As easy as it is to point at the election of Donald Trump as U.S. President, a similar situation is playing out in France. In the most recent French presidential elections, half of voters opted either for the hard right or the hard left. The center has lost control. With economic growth flat and the government running perennially unsustainable deficits to support an aging population, neither side was willing to tolerate spending cuts or tax hikes. So, the parties representing these two political extremes just created an unholy alliance to topple France’s government and throw the nation into a political—and economic—crisis. Calls are mounting for Pres. Emmanuel Macron to resign. Macron has refused.

Macron cannot call for new elections until next summer, and a budget compromise seems impossible. Macron is therefore likely to have to appoint a caretaker prime minister who can then impose emergency measures for spending and taxation—essentially rolling over the last budget.

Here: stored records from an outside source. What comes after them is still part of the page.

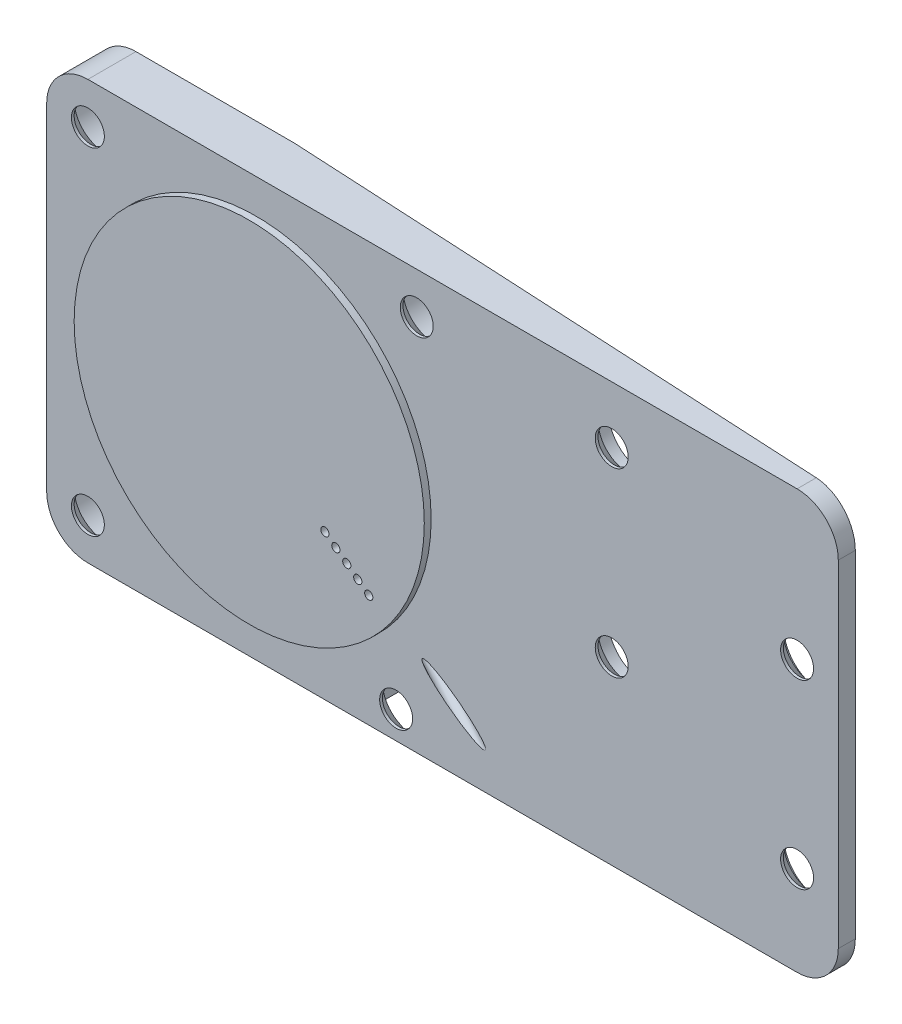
ISO-10303-21;
HEADER;
FILE_DESCRIPTION(('STEP AP214'),'2;1');
FILE_NAME('part.step','',(''),(''),'','','');
FILE_SCHEMA(('AUTOMOTIVE_DESIGN { 1 0 10303 214 1 1 1 1 }'));
ENDSEC;
DATA;
#1=APPLICATION_CONTEXT('core data for automotive mechanical design processes');
#2=APPLICATION_PROTOCOL_DEFINITION('international standard','automotive_design',2000,#1);
#3=PRODUCT_CONTEXT('',#1,'mechanical');
#4=PRODUCT('Part','Part','',(#3));
#5=PRODUCT_RELATED_PRODUCT_CATEGORY('part','',(#4));
#6=PRODUCT_DEFINITION_FORMATION('','',#4);
#7=PRODUCT_DEFINITION_CONTEXT('part definition',#1,'design');
#8=PRODUCT_DEFINITION('design','',#6,#7);
#9=PRODUCT_DEFINITION_SHAPE('','',#8);
#10=(LENGTH_UNIT() NAMED_UNIT(*) SI_UNIT(.MILLI.,.METRE.));
#11=(NAMED_UNIT(*) PLANE_ANGLE_UNIT() SI_UNIT($,.RADIAN.));
#12=(NAMED_UNIT(*) SI_UNIT($,.STERADIAN.) SOLID_ANGLE_UNIT());
#13=UNCERTAINTY_MEASURE_WITH_UNIT(LENGTH_MEASURE(1.E-05),#10,'distance_accuracy_value','');
#14=(GEOMETRIC_REPRESENTATION_CONTEXT(3) GLOBAL_UNCERTAINTY_ASSIGNED_CONTEXT((#13)) GLOBAL_UNIT_ASSIGNED_CONTEXT((#10,
#11,#12)) REPRESENTATION_CONTEXT('',''));
#15=CARTESIAN_POINT('',(0.,0.,0.));
#16=DIRECTION('',(0.,0.,1.));
#17=DIRECTION('',(1.,0.,0.));
#18=AXIS2_PLACEMENT_3D('',#15,#16,#17);
#19=CARTESIAN_POINT('',(19.5809830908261,-59.7,-6.));
#20=DIRECTION('',(0.0523359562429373,0.,-0.998629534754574));
#21=DIRECTION('',(-0.998629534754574,0.,-0.0523359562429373));
#22=AXIS2_PLACEMENT_3D('',#19,#20,#21);
#23=PLANE('',#22);
#24=CARTESIAN_POINT('',(46.2,-65.9,-4.60495643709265));
#25=DIRECTION('',(0.0523359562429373,0.,-0.998629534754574));
#26=DIRECTION('',(-0.998629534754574,0.,-0.0523359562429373));
#27=AXIS2_PLACEMENT_3D('',#24,#25,#26);
#28=ELLIPSE('',#27,2.5034308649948,2.5);
#29=CARTESIAN_POINT('',(43.7,-65.9,-4.73597588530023));
#30=VERTEX_POINT('',#29);
#31=EDGE_CURVE('E217',#30,#30,#28,.T.);
#32=ORIENTED_EDGE('',*,*,#31,.F.);
#33=EDGE_LOOP('',(#32));
#34=FACE_BOUND('',#33,.T.);
#35=CARTESIAN_POINT('',(31.9991301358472,-64.75,-5.34919249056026));
#36=DIRECTION('',(0.0523359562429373,0.,-0.998629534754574));
#37=DIRECTION('',(-0.998629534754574,0.,-0.0523359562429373));
#38=AXIS2_PLACEMENT_3D('',#35,#36,#37);
#39=ELLIPSE('',#38,2.5034308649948,2.5);
#40=CARTESIAN_POINT('',(29.4991301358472,-64.75,-5.48021193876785));
#41=VERTEX_POINT('',#40);
#42=EDGE_CURVE('E230',#41,#41,#39,.T.);
#43=ORIENTED_EDGE('',*,*,#42,.F.);
#44=EDGE_LOOP('',(#43));
#45=FACE_BOUND('',#44,.T.);
#46=CARTESIAN_POINT('',(46.2,-79.1,-4.60495643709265));
#47=DIRECTION('',(0.0523359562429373,0.,-0.998629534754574));
#48=DIRECTION('',(-0.998629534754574,0.,-0.0523359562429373));
#49=AXIS2_PLACEMENT_3D('',#46,#47,#48);
#50=ELLIPSE('',#49,2.5034308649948,2.5);
#51=CARTESIAN_POINT('',(43.7,-79.1,-4.73597588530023));
#52=VERTEX_POINT('',#51);
#53=EDGE_CURVE('E243',#52,#52,#50,.T.);
#54=ORIENTED_EDGE('',*,*,#53,.F.);
#55=EDGE_LOOP('',(#54));
#56=FACE_BOUND('',#55,.T.);
#57=CARTESIAN_POINT('',(59.7,-72.5,-3.89745141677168));
#58=DIRECTION('',(0.0523359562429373,0.,-0.998629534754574));
#59=DIRECTION('',(-0.998629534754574,0.,-0.0523359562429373));
#60=AXIS2_PLACEMENT_3D('',#57,#58,#59);
#61=ELLIPSE('',#60,2.5034308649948,2.5);
#62=CARTESIAN_POINT('',(57.2,-72.5,-4.02847086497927));
#63=VERTEX_POINT('',#62);
#64=EDGE_CURVE('E256',#63,#63,#61,.T.);
#65=ORIENTED_EDGE('',*,*,#64,.F.);
#66=EDGE_LOOP('',(#65));
#67=FACE_BOUND('',#66,.T.);
#68=CARTESIAN_POINT('',(59.7,-85.7,-3.89745141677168));
#69=DIRECTION('',(0.0523359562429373,0.,-0.998629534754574));
#70=DIRECTION('',(-0.998629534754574,0.,-0.0523359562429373));
#71=AXIS2_PLACEMENT_3D('',#68,#69,#70);
#72=ELLIPSE('',#71,2.5034308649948,2.5);
#73=CARTESIAN_POINT('',(57.2,-85.7,-4.02847086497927));
#74=VERTEX_POINT('',#73);
#75=EDGE_CURVE('E269',#74,#74,#72,.T.);
#76=ORIENTED_EDGE('',*,*,#75,.F.);
#77=EDGE_LOOP('',(#76));
#78=FACE_BOUND('',#77,.T.);
#79=DIRECTION('',(0.998629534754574,0.,0.0523359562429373));
#80=VECTOR('',#79,1.);
#81=CARTESIAN_POINT('',(8.04178284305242,-92.25,-6.60474385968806));
#82=LINE('',#81,#80);
#83=CARTESIAN_POINT('',(33.5,-92.25,-5.27053523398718));
#84=VERTEX_POINT('',#83);
#85=CARTESIAN_POINT('',(59.7,-92.25,-3.89745141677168));
#86=VERTEX_POINT('',#85);
#87=EDGE_CURVE('E457',#84,#86,#82,.T.);
#88=ORIENTED_EDGE('',*,*,#87,.F.);
#89=DIRECTION('',(0.706621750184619,-0.706621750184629,0.0370324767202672));
#90=VECTOR('',#89,1.);
#91=CARTESIAN_POINT('',(10.2782668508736,-69.0282668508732,-6.48753469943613));
#92=LINE('',#91,#90);
#93=CARTESIAN_POINT('',(33.,-91.75,-5.2967391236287));
#94=VERTEX_POINT('',#93);
#95=EDGE_CURVE('E428',#84,#94,#92,.F.);
#96=ORIENTED_EDGE('',*,*,#95,.T.);
#97=DIRECTION('',(0.,1.,0.));
#98=VECTOR('',#97,1.);
#99=CARTESIAN_POINT('',(33.,-59.7,-5.2967391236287));
#100=LINE('',#99,#98);
#101=CARTESIAN_POINT('',(33.,-90.25,-5.2967391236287));
#102=VERTEX_POINT('',#101);
#103=EDGE_CURVE('E645',#94,#102,#100,.T.);
#104=ORIENTED_EDGE('',*,*,#103,.T.);
#105=CARTESIAN_POINT('',(30.5,-90.25,-5.42775857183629));
#106=DIRECTION('',(0.0523359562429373,0.,-0.998629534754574));
#107=DIRECTION('',(-0.998629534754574,0.,-0.0523359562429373));
#108=AXIS2_PLACEMENT_3D('',#105,#106,#107);
#109=ELLIPSE('',#108,2.5034308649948,2.5);
#110=CARTESIAN_POINT('',(28.,-90.25,-5.55877802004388));
#111=VERTEX_POINT('',#110);
#112=EDGE_CURVE('E183',#111,#102,#109,.T.);
#113=ORIENTED_EDGE('',*,*,#112,.F.);
#114=DIRECTION('',(0.,-1.,0.));
#115=VECTOR('',#114,1.);
#116=CARTESIAN_POINT('',(28.,-59.7,-5.55877802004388));
#117=LINE('',#116,#115);
#118=CARTESIAN_POINT('',(28.,-91.75,-5.55877802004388));
#119=VERTEX_POINT('',#118);
#120=EDGE_CURVE('E452',#111,#119,#117,.T.);
#121=ORIENTED_EDGE('',*,*,#120,.T.);
#122=DIRECTION('',(0.706621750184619,0.706621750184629,0.0370324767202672));
#123=VECTOR('',#122,1.);
#124=CARTESIAN_POINT('',(39.7877418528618,-79.962258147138,-4.9410086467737));
#125=LINE('',#124,#123);
#126=CARTESIAN_POINT('',(27.5,-92.25,-5.58498190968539));
#127=VERTEX_POINT('',#126);
#128=EDGE_CURVE('E432',#119,#127,#125,.F.);
#129=ORIENTED_EDGE('',*,*,#128,.T.);
#130=CARTESIAN_POINT('',(19.5809830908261,-92.25,-6.));
#131=VERTEX_POINT('',#130);
#132=EDGE_CURVE('E450',#131,#127,#82,.T.);
#133=ORIENTED_EDGE('',*,*,#132,.F.);
#134=DIRECTION('',(0.,-1.,0.));
#135=VECTOR('',#134,1.);
#136=CARTESIAN_POINT('',(19.5809830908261,-59.7,-6.));
#137=LINE('',#136,#135);
#138=CARTESIAN_POINT('',(19.5809830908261,-61.75,-6.));
#139=VERTEX_POINT('',#138);
#140=EDGE_CURVE('E588',#139,#131,#137,.T.);
#141=ORIENTED_EDGE('',*,*,#140,.F.);
#142=DIRECTION('',(-0.998629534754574,0.,-0.0523359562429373));
#143=VECTOR('',#142,1.);
#144=CARTESIAN_POINT('',(8.04178284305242,-61.75,-6.60474385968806));
#145=LINE('',#144,#143);
#146=CARTESIAN_POINT('',(59.7,-61.75,-3.89745141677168));
#147=VERTEX_POINT('',#146);
#148=EDGE_CURVE('E476',#147,#139,#145,.T.);
#149=ORIENTED_EDGE('',*,*,#148,.F.);
#150=CARTESIAN_POINT('',(59.7,-64.75,-3.89745141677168));
#151=DIRECTION('',(0.0523359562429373,0.,-0.998629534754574));
#152=DIRECTION('',(0.998629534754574,0.,0.0523359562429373));
#153=AXIS2_PLACEMENT_3D('',#150,#151,#152);
#154=ELLIPSE('',#153,3.00411703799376,3.);
#155=CARTESIAN_POINT('',(62.7,-64.75,-3.74022807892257));
#156=VERTEX_POINT('',#155);
#157=EDGE_CURVE('E477',#156,#147,#154,.F.);
#158=ORIENTED_EDGE('',*,*,#157,.F.);
#159=DIRECTION('',(0.,1.,0.));
#160=VECTOR('',#159,1.);
#161=CARTESIAN_POINT('',(62.7,-89.25,-3.74022807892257));
#162=LINE('',#161,#160);
#163=CARTESIAN_POINT('',(62.7,-89.25,-3.74022807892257));
#164=VERTEX_POINT('',#163);
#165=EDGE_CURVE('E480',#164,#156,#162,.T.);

Yet, as The Economist writes, “in one way or another, much of Europe is caught in the same wretched trap… Europe’s economies are not growing fast enough to finance the demands upon them.”

Defending against Russia—and Trump’s threat to leave Europe to Russia’s devices—certainly is one of them. Last year, European Union members boosted military spending by 10% to a record €279 billion ($293 billion). And yet only eight of the 23 EU nations that are also members of NATO are yet spending the 2% of GDP they are supposed to. (France, incidentally, is one of them, spending 2.1% of GDP on defense in 2023.) To help bring the numbers up, EU members are discussing the creation of a €500 billion ($529 billion) fund to buy weapons jointly.